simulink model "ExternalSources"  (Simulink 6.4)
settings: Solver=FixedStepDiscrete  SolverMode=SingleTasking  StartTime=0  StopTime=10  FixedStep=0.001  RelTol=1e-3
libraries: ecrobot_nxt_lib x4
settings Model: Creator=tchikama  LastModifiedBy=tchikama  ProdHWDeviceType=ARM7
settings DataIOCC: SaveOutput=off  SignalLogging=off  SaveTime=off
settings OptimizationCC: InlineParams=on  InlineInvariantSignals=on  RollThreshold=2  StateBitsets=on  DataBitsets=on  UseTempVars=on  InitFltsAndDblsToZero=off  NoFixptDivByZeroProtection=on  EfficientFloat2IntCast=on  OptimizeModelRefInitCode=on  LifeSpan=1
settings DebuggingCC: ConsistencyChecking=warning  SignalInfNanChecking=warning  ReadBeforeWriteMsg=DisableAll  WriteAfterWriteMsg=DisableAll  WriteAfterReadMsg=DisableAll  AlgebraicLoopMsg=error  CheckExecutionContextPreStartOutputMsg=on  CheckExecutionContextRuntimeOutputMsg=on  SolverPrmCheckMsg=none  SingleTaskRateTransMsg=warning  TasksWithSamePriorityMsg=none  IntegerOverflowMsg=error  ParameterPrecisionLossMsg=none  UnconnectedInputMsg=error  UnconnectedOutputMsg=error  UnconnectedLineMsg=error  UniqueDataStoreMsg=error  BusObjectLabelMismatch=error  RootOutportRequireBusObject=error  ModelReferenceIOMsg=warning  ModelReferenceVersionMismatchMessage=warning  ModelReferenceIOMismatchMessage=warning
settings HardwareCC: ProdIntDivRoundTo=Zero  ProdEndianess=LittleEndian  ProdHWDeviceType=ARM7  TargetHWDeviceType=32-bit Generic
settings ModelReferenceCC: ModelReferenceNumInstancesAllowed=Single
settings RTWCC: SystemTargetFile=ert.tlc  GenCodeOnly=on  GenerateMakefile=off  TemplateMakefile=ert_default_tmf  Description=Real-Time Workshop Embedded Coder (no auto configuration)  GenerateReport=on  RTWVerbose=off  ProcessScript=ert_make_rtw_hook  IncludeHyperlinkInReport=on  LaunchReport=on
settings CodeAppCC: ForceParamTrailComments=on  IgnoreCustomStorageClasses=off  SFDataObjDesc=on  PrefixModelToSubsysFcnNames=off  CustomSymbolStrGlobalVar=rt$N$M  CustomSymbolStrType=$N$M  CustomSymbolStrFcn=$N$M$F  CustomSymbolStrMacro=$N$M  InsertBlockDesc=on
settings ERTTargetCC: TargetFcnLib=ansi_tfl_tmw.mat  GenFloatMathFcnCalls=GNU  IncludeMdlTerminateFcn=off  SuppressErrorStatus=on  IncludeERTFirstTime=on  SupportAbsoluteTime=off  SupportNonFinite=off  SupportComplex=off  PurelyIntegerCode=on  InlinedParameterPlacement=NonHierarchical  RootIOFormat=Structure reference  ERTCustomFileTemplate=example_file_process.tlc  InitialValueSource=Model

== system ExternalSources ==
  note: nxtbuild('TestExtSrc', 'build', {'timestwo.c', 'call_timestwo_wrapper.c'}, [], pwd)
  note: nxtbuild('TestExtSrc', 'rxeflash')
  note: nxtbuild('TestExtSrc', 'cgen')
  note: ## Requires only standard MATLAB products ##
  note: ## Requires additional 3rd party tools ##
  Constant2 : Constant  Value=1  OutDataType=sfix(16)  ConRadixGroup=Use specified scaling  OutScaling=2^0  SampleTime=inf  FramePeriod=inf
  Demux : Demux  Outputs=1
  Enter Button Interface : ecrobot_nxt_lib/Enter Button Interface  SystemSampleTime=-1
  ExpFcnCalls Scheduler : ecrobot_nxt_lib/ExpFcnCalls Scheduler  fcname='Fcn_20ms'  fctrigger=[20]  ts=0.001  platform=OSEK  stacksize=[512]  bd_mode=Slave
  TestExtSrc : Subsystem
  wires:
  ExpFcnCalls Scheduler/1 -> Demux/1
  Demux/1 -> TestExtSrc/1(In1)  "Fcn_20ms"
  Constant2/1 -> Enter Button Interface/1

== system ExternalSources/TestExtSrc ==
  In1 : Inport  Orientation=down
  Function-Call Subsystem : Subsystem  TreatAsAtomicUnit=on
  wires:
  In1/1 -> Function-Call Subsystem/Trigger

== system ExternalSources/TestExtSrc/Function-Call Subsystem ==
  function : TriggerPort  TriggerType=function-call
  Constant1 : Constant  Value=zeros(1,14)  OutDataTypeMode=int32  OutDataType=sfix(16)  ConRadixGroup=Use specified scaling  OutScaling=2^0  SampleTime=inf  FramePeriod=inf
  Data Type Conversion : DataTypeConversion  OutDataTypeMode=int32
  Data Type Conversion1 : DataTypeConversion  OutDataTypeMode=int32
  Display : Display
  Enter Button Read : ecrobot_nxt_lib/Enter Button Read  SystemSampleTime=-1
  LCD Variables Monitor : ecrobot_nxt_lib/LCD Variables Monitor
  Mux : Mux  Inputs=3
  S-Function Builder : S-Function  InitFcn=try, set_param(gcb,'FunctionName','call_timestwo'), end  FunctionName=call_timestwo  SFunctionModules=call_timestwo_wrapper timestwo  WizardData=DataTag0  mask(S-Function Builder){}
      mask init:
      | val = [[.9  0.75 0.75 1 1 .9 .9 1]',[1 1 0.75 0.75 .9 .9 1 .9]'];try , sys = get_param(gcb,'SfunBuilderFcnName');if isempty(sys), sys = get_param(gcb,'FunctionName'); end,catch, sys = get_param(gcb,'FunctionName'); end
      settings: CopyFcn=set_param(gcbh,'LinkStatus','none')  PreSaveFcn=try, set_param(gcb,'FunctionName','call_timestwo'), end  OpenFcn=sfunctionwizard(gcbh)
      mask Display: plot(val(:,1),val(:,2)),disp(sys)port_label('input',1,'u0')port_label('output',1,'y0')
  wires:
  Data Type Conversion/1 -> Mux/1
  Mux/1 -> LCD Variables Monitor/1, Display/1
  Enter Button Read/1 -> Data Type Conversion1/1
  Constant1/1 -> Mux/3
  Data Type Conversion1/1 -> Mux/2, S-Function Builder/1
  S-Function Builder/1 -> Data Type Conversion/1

ACTIVITY:
Retype each line above exactly as written.

EXERCISE OUTPUT:
simulink model "ExternalSources"  (Simulink 6.4)
settings: Solver=FixedStepDiscrete  SolverMode=SingleTasking  StartTime=0  StopTime=10  FixedStep=0.001  RelTol=1e-3
libraries: ecrobot_nxt_lib x4
settings Model: Creator=tchikama  LastModifiedBy=tchikama  ProdHWDeviceType=ARM7
settings DataIOCC: SaveOutput=off  SignalLogging=off  SaveTime=off
settings OptimizationCC: InlineParams=on  InlineInvariantSignals=on  RollThreshold=2  StateBitsets=on  DataBitsets=on  UseTempVars=on  InitFltsAndDblsToZero=off  NoFixptDivByZeroProtection=on  EfficientFloat2IntCast=on  OptimizeModelRefInitCode=on  LifeSpan=1
settings DebuggingCC: ConsistencyChecking=warning  SignalInfNanChecking=warning  ReadBeforeWriteMsg=DisableAll  WriteAfterWriteMsg=DisableAll  WriteAfterReadMsg=DisableAll  AlgebraicLoopMsg=error  CheckExecutionContextPreStartOutputMsg=on  CheckExecutionContextRuntimeOutputMsg=on  SolverPrmCheckMsg=none  SingleTaskRateTransMsg=warning  TasksWithSamePriorityMsg=none  IntegerOverflowMsg=error  ParameterPrecisionLossMsg=none  UnconnectedInputMsg=error  UnconnectedOutputMsg=error  UnconnectedLineMsg=error  UniqueDataStoreMsg=error  BusObjectLabelMismatch=error  RootOutportRequireBusObject=error  ModelReferenceIOMsg=warning  ModelReferenceVersionMismatchMessage=warning  ModelReferenceIOMismatchMessage=warning
settings HardwareCC: ProdIntDivRoundTo=Zero  ProdEndianess=LittleEndian  ProdHWDeviceType=ARM7  TargetHWDeviceType=32-bit Generic
settings ModelReferenceCC: ModelReferenceNumInstancesAllowed=Single
settings RTWCC: SystemTargetFile=ert.tlc  GenCodeOnly=on  GenerateMakefile=off  TemplateMakefile=ert_default_tmf  Description=Real-Time Workshop Embedded Coder (no auto configuration)  GenerateReport=on  RTWVerbose=off  ProcessScript=ert_make_rtw_hook  IncludeHyperlinkInReport=on  LaunchReport=on
settings CodeAppCC: ForceParamTrailComments=on  IgnoreCustomStorageClasses=off  SFDataObjDesc=on  PrefixModelToSubsysFcnNames=off  CustomSymbolStrGlobalVar=rt$N$M  CustomSymbolStrType=$N$M  CustomSymbolStrFcn=$N$M$F  CustomSymbolStrMacro=$N$M  InsertBlockDesc=on
settings ERTTargetCC: TargetFcnLib=ansi_tfl_tmw.mat  GenFloatMathFcnCalls=GNU  IncludeMdlTerminateFcn=off  SuppressErrorStatus=on  IncludeERTFirstTime=on  SupportAbsoluteTime=off  SupportNonFinite=off  SupportComplex=off  PurelyIntegerCode=on  InlinedParameterPlacement=NonHierarchical  RootIOFormat=Structure reference  ERTCustomFileTemplate=example_file_process.tlc  InitialValueSource=Model

== system ExternalSources ==
  note: nxtbuild('TestExtSrc', 'build', {'timestwo.c', 'call_timestwo_wrapper.c'}, [], pwd)
  note: nxtbuild('TestExtSrc', 'rxeflash')
  note: nxtbuild('TestExtSrc', 'cgen')
  note: ## Requires only standard MATLAB products ##
  note: ## Requires additional 3rd party tools ##
  Constant2 : Constant  Value=1  OutDataType=sfix(16)  ConRadixGroup=Use specified scaling  OutScaling=2^0  SampleTime=inf  FramePeriod=inf
  Demux : Demux  Outputs=1
  Enter Button Interface : ecrobot_nxt_lib/Enter Button Interface  SystemSampleTime=-1
  ExpFcnCalls Scheduler : ecrobot_nxt_lib/ExpFcnCalls Scheduler  fcname='Fcn_20ms'  fctrigger=[20]  ts=0.001  platform=OSEK  stacksize=[512]  bd_mode=Slave
  TestExtSrc : Subsystem
  wires:
  ExpFcnCalls Scheduler/1 -> Demux/1
  Demux/1 -> TestExtSrc/1(In1)  "Fcn_20ms"
  Constant2/1 -> Enter Button Interface/1

== system ExternalSources/TestExtSrc ==
  In1 : Inport  Orientation=down
  Function-Call Subsystem : Subsystem  TreatAsAtomicUnit=on
  wires:
  In1/1 -> Function-Call Subsystem/Trigger

== system ExternalSources/TestExtSrc/Function-Call Subsystem ==
  function : TriggerPort  TriggerType=function-call
  Constant1 : Constant  Value=zeros(1,14)  OutDataTypeMode=int32  OutDataType=sfix(16)  ConRadixGroup=Use specified scaling  OutScaling=2^0  SampleTime=inf  FramePeriod=inf
  Data Type Conversion : DataTypeConversion  OutDataTypeMode=int32
  Data Type Conversion1 : DataTypeConversion  OutDataTypeMode=int32
  Display : Display
  Enter Button Read : ecrobot_nxt_lib/Enter Button Read  SystemSampleTime=-1
  LCD Variables Monitor : ecrobot_nxt_lib/LCD Variables Monitor
  Mux : Mux  Inputs=3
  S-Function Builder : S-Function  InitFcn=try, set_param(gcb,'FunctionName','call_timestwo'), end  FunctionName=call_timestwo  SFunctionModules=call_timestwo_wrapper timestwo  WizardData=DataTag0  mask(S-Function Builder){}
      mask init:
      | val = [[.9  0.75 0.75 1 1 .9 .9 1]',[1 1 0.75 0.75 .9 .9 1 .9]'];try , sys = get_param(gcb,'SfunBuilderFcnName');if isempty(sys), sys = get_param(gcb,'FunctionName'); end,catch, sys = get_param(gcb,'FunctionName'); end
      settings: CopyFcn=set_param(gcbh,'LinkStatus','none')  PreSaveFcn=try, set_param(gcb,'FunctionName','call_timestwo'), end  OpenFcn=sfunctionwizard(gcbh)
      mask Display: plot(val(:,1),val(:,2)),disp(sys)port_label('input',1,'u0')port_label('output',1,'y0')
  wires:
  Data Type Conversion/1 -> Mux/1
  Mux/1 -> LCD Variables Monitor/1, Display/1
  Enter Button Read/1 -> Data Type Conversion1/1
  Constant1/1 -> Mux/3
  Data Type Conversion1/1 -> Mux/2, S-Function Builder/1
  S-Function Builder/1 -> Data Type Conversion/1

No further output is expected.